T.C. İstanbul Anadolu 4. ASLİYE TİCARET MAHKEMESİ
ESAS NO : 2019/364 Esas
KARAR NO : 2020/408
DAVA : İtirazın İptali (Ticari Satımdan Kaynaklanan)
DAVA TARİHİ : 22/06/2019
KARAR TARİHİ : 15/09/2020
Mahkememizde görülmekte olan İtirazın İptali (Ticari Satımdan Kaynaklanan) davasının yapılan açık yargılaması sonunda,
GEREĞİ DÜŞÜNÜLDÜ:
İDDİA: Davacı vekili dava dilekçesinde özetle; müvekkili şirket tarafından davalı/borçluya birtakım mal ve hizmet teslimi ve tedariki sağlandığını karşılığında —– tanzim ve ——— vade tarihli ———— bedelli ——– keşide edilerek davalı/borçluya tebliğ/teslim edildiğini ve müvekkili şirket, anılan faturanın bakiyesi olan ———– tutarında davalıdan fatura alacaklısı olduğunu, bunun üzerine taraflarınca —— tanzim ve —— vade tarihli —– No’lu ——– bedelli — mesnet edilerek davalı/borçlu aleyhine mezkûr faturanın bakiyesi olan —— için ————– sayılı dosyası üzerinden takibe girişilmiş olup davalı/borçlu tarafından takibe, müvekkil şirkete herhangi bir borcu olmadığından bahisle haksız ve mesnetsiz olarak itiraz etiğini, davalı/borçlunun vâki haksız ve kötüniyetli itirazının iptalini teminen talep ve dava etmiştir.
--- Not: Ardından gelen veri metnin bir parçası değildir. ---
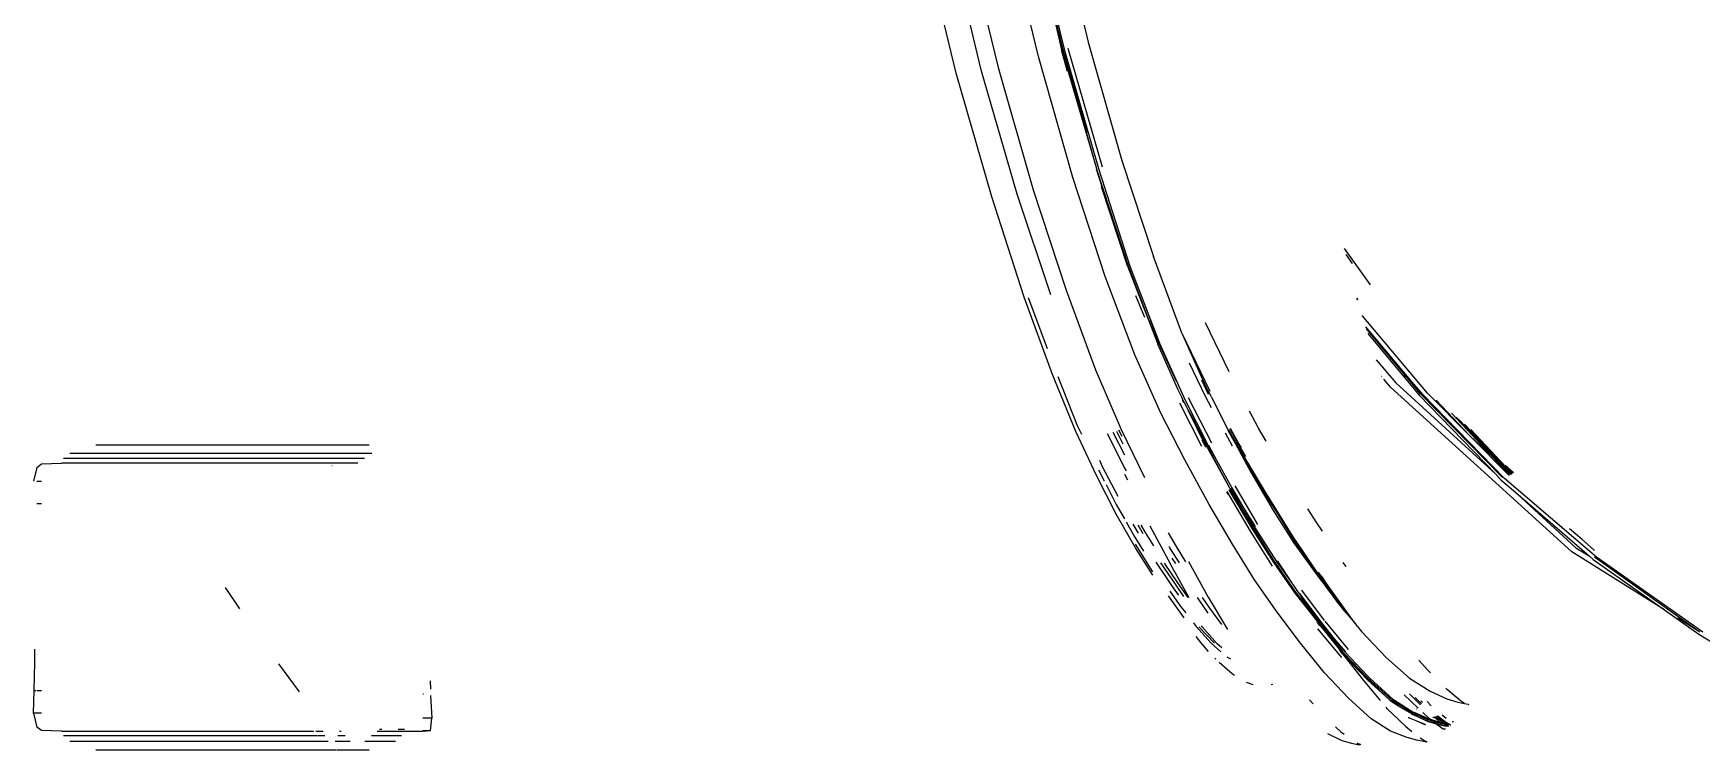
# Model space of a CAD drawing. Header units: millimetres. Extents: x -41292 to 298682, y -22072 to 33155.
# Drawn here: x 27523.4 to 27766.2, y 4242.3 to 4346.6 of the extents above; entities that cross this region are included whole.
import ezdxf

# ---------------------------------------------------------------- set-up
doc = ezdxf.new("R2010")
doc.units = ezdxf.units.MM

# ---------------------------------------------------------------- blocks, each defined once
blk = doc.blocks.new('AHSISHEUD')
for p, q in [((28299.56, 22013.29), (28304.26, 21993.39)), ((28288.76, 21989.19), (28283.76, 22009.99)), ((28286.16, 22010.39), (28291.16, 21989.69)), ((28297.06, 21991.29), (28292.16, 22011.59)), ((28297.36, 22006.38), (28300.76, 21992.39)), ((28300.46, 21992.29), (28298.55, 22000.53)), ((28285.06, 21988.89), (28282.6, 21999.14)), ((28298.86, 21999.48), (28300.56, 21992.29)), ((28300.76, 21992.39), (28304.18, 21980.26)), ((28300.76, 21992.39), (28305.76, 21974.99)), ((28306.36, 21975.19), (28301.36, 21992.49)), ((28304.26, 21993.39), (28309.16, 21976.19)), ((28302.06, 21973.69), (28297.06, 21991.29)), ((28301.27, 21989.14), (28300.38, 21992.26)), ((28300.46, 21992.29), (28305.46, 21974.99)), ((28300.56, 21992.29), (28305.46, 21974.99)), ((28290.26, 21970.89), (28285.06, 21988.89)), ((28293.96, 21971.29), (28288.76, 21989.19)), ((28291.16, 21989.69), (28296.26, 21971.89)), ((28309.16, 21976.19), (28313.76, 21962.19)), ((28306.76, 21959.29), (28302.06, 21973.69)), ((28305.46, 21974.99), (28305.46, 21974.89)), ((28310.06, 21960.69), (28305.46, 21974.89)), ((28305.46, 21974.89), (28310.16, 21960.69)), ((28305.76, 21974.99), (28310.36, 21960.79)), ((28294.96, 21956.29), (28290.26, 21970.89)), ((28298.86, 21956.59), (28293.96, 21971.29)), ((28296.26, 21971.89), (28301.06, 21957.29)), ((28310.06, 21960.69), (28306.21, 21972.35)), ((28341.54, 21963.38), (28345.3, 21958.08)), ((28310.36, 21960.79), (28314.66, 21949.59)), ((28317.86, 21951.19), (28313.76, 21962.19)), ((28341.78, 21962.49), (28342.68, 21961.18)), ((28311.06, 21947.89), (28306.76, 21959.29)), ((28310.06, 21960.69), (28314.36, 21949.59)), ((28310.16, 21960.69), (28314.36, 21949.59)), ((28299.06, 21944.99), (28294.96, 21956.29)), ((28298.33, 21948.76), (28295.59, 21956.19)), ((28301.06, 21957.29), (28305.36, 21945.69)), ((28311.14, 21956.53), (28312.49, 21953.37)), ((28343.57, 21955.88), (28343.37, 21956.12)), ((28343.49, 21955.84), (28343.43, 21955.91)), ((28353.66, 21942.29), (28344.15, 21953.62)), ((28313.33, 21952.88), (28314.56, 21949.59)), ((28317.96, 21950.99), (28317.86, 21951.19)), ((28324.79, 21945.38), (28321.35, 21952.51)), ((28351.73, 21943.55), (28344.67, 21951.97)), ((28350.89, 21944.32), (28344.76, 21951.68)), ((28314.36, 21949.59), (28314.36, 21949.49)), ((28314.36, 21949.49), (28317.29, 21942.94)), ((28314.56, 21949.59), (28317.03, 21944.13)), ((28314.66, 21949.59), (28318.36, 21941.39)), ((28322.05, 21942.52), (28317.96, 21950.99)), ((28321.46, 21943.19), (28317.96, 21950.99)), ((28344.98, 21950.97), (28352.46, 21941.99)), ((28314.86, 21939.39), (28311.06, 21947.89)), ((28321.36, 21941.79), (28319.04, 21946.66)), ((28346.18, 21947.14), (28349.07, 21943.79)), ((28302.46, 21936.69), (28299.06, 21944.99)), ((28299.85, 21944.72), (28302.66, 21937.59)), ((28305.36, 21945.69), (28309.06, 21936.99)), ((28320.75, 21944.21), (28321.73, 21942.17)), ((28321.07, 21943.76), (28321.61, 21942.63)), ((28346.97, 21944.7), (28346.94, 21944.73)), ((28348.27, 21943.19), (28347.29, 21944.32)), ((28349.07, 21943.79), (28363.59, 21930.49)), ((28350.27, 21944.89), (28350.89, 21944.32)), ((28352.66, 21942.19), (28350.89, 21944.32)), ((28317.29, 21942.94), (28317.86, 21941.74)), ((28317.86, 21941.74), (28318.06, 21941.29)), ((28318.36, 21941.39), (28321.76, 21934.69)), ((28322.26, 21934.99), (28318.86, 21941.59)), ((28321.55, 21942.88), (28321.27, 21943.48)), ((28322.24, 21940.18), (28321.36, 21941.79)), ((28321.96, 21942.19), (28321.46, 21943.19)), ((28322.21, 21941.74), (28321.96, 21942.19)), ((28322.21, 21941.74), (28324.65, 21936.85)), ((28374.67, 21919.19), (28348.27, 21943.19)), ((28351.73, 21943.55), (28351.79, 21943.49)), ((28352.96, 21942.09), (28351.79, 21943.49)), ((28352.46, 21941.99), (28363.59, 21930.49)), ((28364.56, 21929.99), (28352.66, 21942.19)), ((28364.86, 21929.89), (28352.96, 21942.09)), ((28359.77, 21936.13), (28353.66, 21942.29)), ((28318.36, 21932.59), (28314.86, 21939.39)), ((28317.56, 21940.89), (28320.76, 21934.6)), ((28318.06, 21941.19), (28318.06, 21941.29)), ((28318.06, 21941.29), (28318.25, 21940.94)), ((28318.25, 21940.94), (28318.06, 21941.19)), ((28318.25, 21940.94), (28318.56, 21940.29)), ((28318.56, 21940.29), (28318.82, 21939.83)), ((28318.82, 21939.83), (28319.51, 21938.58)), ((28321.46, 21934.49), (28318.82, 21939.83)), ((28329.06, 21937.19), (28327.76, 21939.67)), ((28359.77, 21936.13), (28354.9, 21941.25)), ((28357.16, 21939.36), (28363.11, 21933.04)), ((28305.46, 21930.29), (28302.46, 21936.69)), ((28302.66, 21937.59), (28303.28, 21936.3)), ((28307.86, 21936.63), (28309.54, 21933.31)), ((28308.38, 21936.78), (28309.34, 21934.9)), ((28309.2, 21935.97), (28308.73, 21936.89)), ((28309.06, 21936.99), (28312.46, 21929.99)), ((28319.51, 21938.58), (28321.56, 21934.69)), ((28319.51, 21938.58), (28321.46, 21934.69)), ((28325.26, 21934.59), (28324.25, 21936.47)), ((28324.65, 21936.85), (28324.66, 21936.79)), ((28324.66, 21936.79), (28325.66, 21934.99)), ((28324.71, 21936.9), (28325.76, 21934.99)), ((28325.76, 21935.09), (28324.75, 21936.94)), ((28325.96, 21935.19), (28324.95, 21937.1)), ((28326.06, 21935.19), (28325, 21937.14)), ((28330.19, 21935.31), (28329.06, 21937.19)), ((28357.82, 21938.8), (28364.6, 21931.67)), ((28364.86, 21931.49), (28358.28, 21938.41)), ((28364.96, 21931.49), (28359.04, 21937.78)), ((28364.96, 21931.59), (28359.04, 21937.78)), ((28365.06, 21931.59), (28359.98, 21936.98)), ((28159.84, 21934.78), (28199.64, 21934.78)), ((28309.56, 21931.49), (28307.08, 21936.39)), ((28321.36, 21934.49), (28320.87, 21935.47)), ((28321.39, 21934.44), (28321.36, 21934.49)), ((28321.46, 21934.69), (28324.86, 21928.49)), ((28321.56, 21934.69), (28324.86, 21928.49)), ((28321.76, 21934.69), (28322.93, 21932.56)), ((28321.8, 21934.72), (28322.93, 21932.56)), ((28325.66, 21934.99), (28328.39, 21930.42)), ((28325.66, 21934.99), (28327.96, 21930.79)), ((28329.96, 21927.89), (28325.76, 21935.09)), ((28330.06, 21927.89), (28325.76, 21935.09)), ((28325.76, 21934.99), (28328.39, 21930.42)), ((28327.22, 21933.09), (28325.96, 21935.19)), ((28326.58, 21934.31), (28326.06, 21935.19)), ((28359.87, 21936.04), (28359.77, 21936.13)), ((28359.87, 21936.04), (28363.11, 21933.04)), ((28365.56, 21930.29), (28359.87, 21936.04)), ((28151.24, 21931.48), (28151.94, 21931.98)), ((28151.94, 21931.98), (28154.84, 21932.08)), ((28197.96, 21932.08), (28154.84, 21932.08)), ((28198.92, 21932.78), (28155.14, 21932.78)), ((28156.04, 21933.58), (28200.02, 21933.58)), ((28194.2, 21931.78), (28194.23, 21931.78)), ((28306.36, 21931.59), (28305.95, 21932.49)), ((28321.86, 21926.09), (28318.36, 21932.59)), ((28322.93, 21932.56), (28324.92, 21928.95)), ((28363.11, 21933.04), (28364.76, 21931.29)), ((28363.11, 21933.04), (28364.6, 21931.67)), ((28364.6, 21931.67), (28364.86, 21931.39)), ((28364.96, 21931.79), (28366.18, 21930.72)), ((28151.24, 21931.48), (28150.74, 21929.48)), ((28151.24, 21929.48), (28151.94, 21929.48)), ((28308.36, 21924.69), (28305.46, 21930.29)), ((28305.76, 21931.12), (28306.58, 21929.54)), ((28308.62, 21927.24), (28306.36, 21931.59)), ((28309.84, 21930.99), (28309.56, 21931.49)), ((28309.56, 21930.49), (28310.02, 21929.67)), ((28327.96, 21930.79), (28331.16, 21925.29)), ((28328.39, 21930.42), (28329.96, 21927.79)), ((28328.39, 21930.42), (28329.96, 21927.69)), ((28363.59, 21930.49), (28364.36, 21929.69)), ((28364.36, 21929.69), (28366.18, 21928.12)), ((28364.76, 21931.29), (28365.76, 21930.43)), ((28365.94, 21930.55), (28364.86, 21931.49)), ((28364.86, 21931.39), (28365.87, 21930.5)), ((28378.26, 21918.39), (28364.86, 21929.89)), ((28366.06, 21930.63), (28364.96, 21931.59)), ((28365.99, 21930.59), (28364.96, 21931.49)), ((28366.11, 21930.67), (28365.06, 21931.59)), ((28306.87, 21928.98), (28308.36, 21926.09)), ((28324.39, 21927.94), (28324.6, 21927.6)), ((28324.46, 21927.99), (28327.86, 21922.19)), ((28328.16, 21922.59), (28324.8, 21928.24)), ((28324.86, 21928.49), (28324.96, 21928.39)), ((28328.16, 21922.59), (28324.86, 21928.29)), ((28324.92, 21928.95), (28325.16, 21928.49)), ((28324.96, 21928.39), (28328.26, 21922.79)), ((28324.96, 21928.39), (28328.16, 21922.79)), ((28325.09, 21928.45), (28326.86, 21925.59)), ((28325.16, 21928.49), (28326.86, 21925.59)), ((28328.96, 21923.19), (28325.66, 21928.79)), ((28334.36, 21920.99), (28329.96, 21927.89)), ((28329.96, 21927.79), (28331.64, 21925.07)), ((28329.96, 21927.69), (28331.64, 21925.07)), ((28334.36, 21920.99), (28330.06, 21927.89)), ((28366.18, 21928.12), (28375.27, 21919.79)), ((28366.18, 21928.12), (28377.19, 21918.59)), ((28151.94, 21926.18), (28151.24, 21926.18)), ((28308.36, 21926.09), (28309.55, 21924)), ((28311.16, 21919.79), (28308.36, 21924.69)), ((28325.26, 21920.29), (28321.86, 21926.09)), ((28326.86, 21925.59), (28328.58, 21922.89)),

SAVUNMA: Davalı vekili cevap dilekçesinde özetle; taraflar arasında süre gelen bir ticari ilişki söz konusu olduğunu, müvekkil şirket tarafından, işbu davaya konu fatura bedeli yönünden herhangi bir ödeme yapılmadığını, somut olayda müvekkili şirketin, fatura bedelinin bir kısmını ödeyerek borcu kabul ettiği bir gibi sonuca ulaşılmaması gerektiğini, müvekkili şirket tarafından sunulan mal ve hizmetler yönünden davacı yana ——- tanzim tarihli toplamda —– bedelli faturalar düzenlendiğini ve gönderildiğini, davacı yanın, müvekkilinin alacaklı olduğu işbu —- bedeli, öncelikle tanzim ettiği ——- tanzim tarihli toplamda ——— bedelli faturalara mahsup ettiğini, —–bakiyeyi de iş bu dava konusu faturaya mahsup ettiğini, hiçbir şekilde borcun ve davacı yanın iddialarını kabulü anlamına gelmemekle birlikte , müvekkili şirketin —- bedelin, davaya konu faturaya mahsup edilmesi halinde bakiye tutar — olduğunu, davacı yanın, takibe konu tutarı hangi gerekçe ile ————–olarak belirlediği ve alacağı bulunduğunu iddia ettiği hususunun anlaşılamadığını, davacı tarafın müvekkili şirketten hizmet alma taleplerinin, müvekkil şirket menfaatleri gereği sürekli olarak yerine getirilemeyeceğinin ifade edilmesi ve hali hazırda ekonomik dar boğazda olması ve konkordato süreci nedeniyle, bu defa kötüniyetli ve taraflar arasında mutabık kalınan şartlara aykırı şekilde huzurdaki davaya konu alacak talebinde bulunduğunu, davacı tarafın, taraflar arasında bir anlaşma yokmuşçasına, faturanın vadesinin gelmesi ardından derhal cebri icra yoluna başvurmasının ticari ve hukuki amacı ve gayesi de anlaşılamadığını, somut olay özünde, davacı tarafın, taraflar arasındaki anlaşma hükümlerine riayet etmekten imtina etmesi ile haksız menfaat elde etmeye çalışmasından ve müvekkili şirketin iyi niyetinin suistimal edilmesinden ibaret olduğunu, —- vade tarihli ——- sıra numaralı faturaya konu ve satışı gerçekleşmeyen ürünlerin çok büyük bir çoğunluğu da iade edilmek üzere hazır olduğunu, ancak malların misli mallar olması ve epey fazlaca olması hasebiyle, satılmışlar ise hangilerinin satıldığının ve hangi tarihte satıldığının, iadeye hazır ürünler ve tutarlarının mahkeme tarafından tespitinin yapılmasını bu nedenlerle fazlaya ilişkin dava, talep ve şikayet haklarının saklı kalmak kaydıyla, taraflar arasındaki mutabakata aykırı olarak ileri sürülen alacak iddiası kapsamında ikame edilen davanın reddine karar verilmesini talep etmiştir.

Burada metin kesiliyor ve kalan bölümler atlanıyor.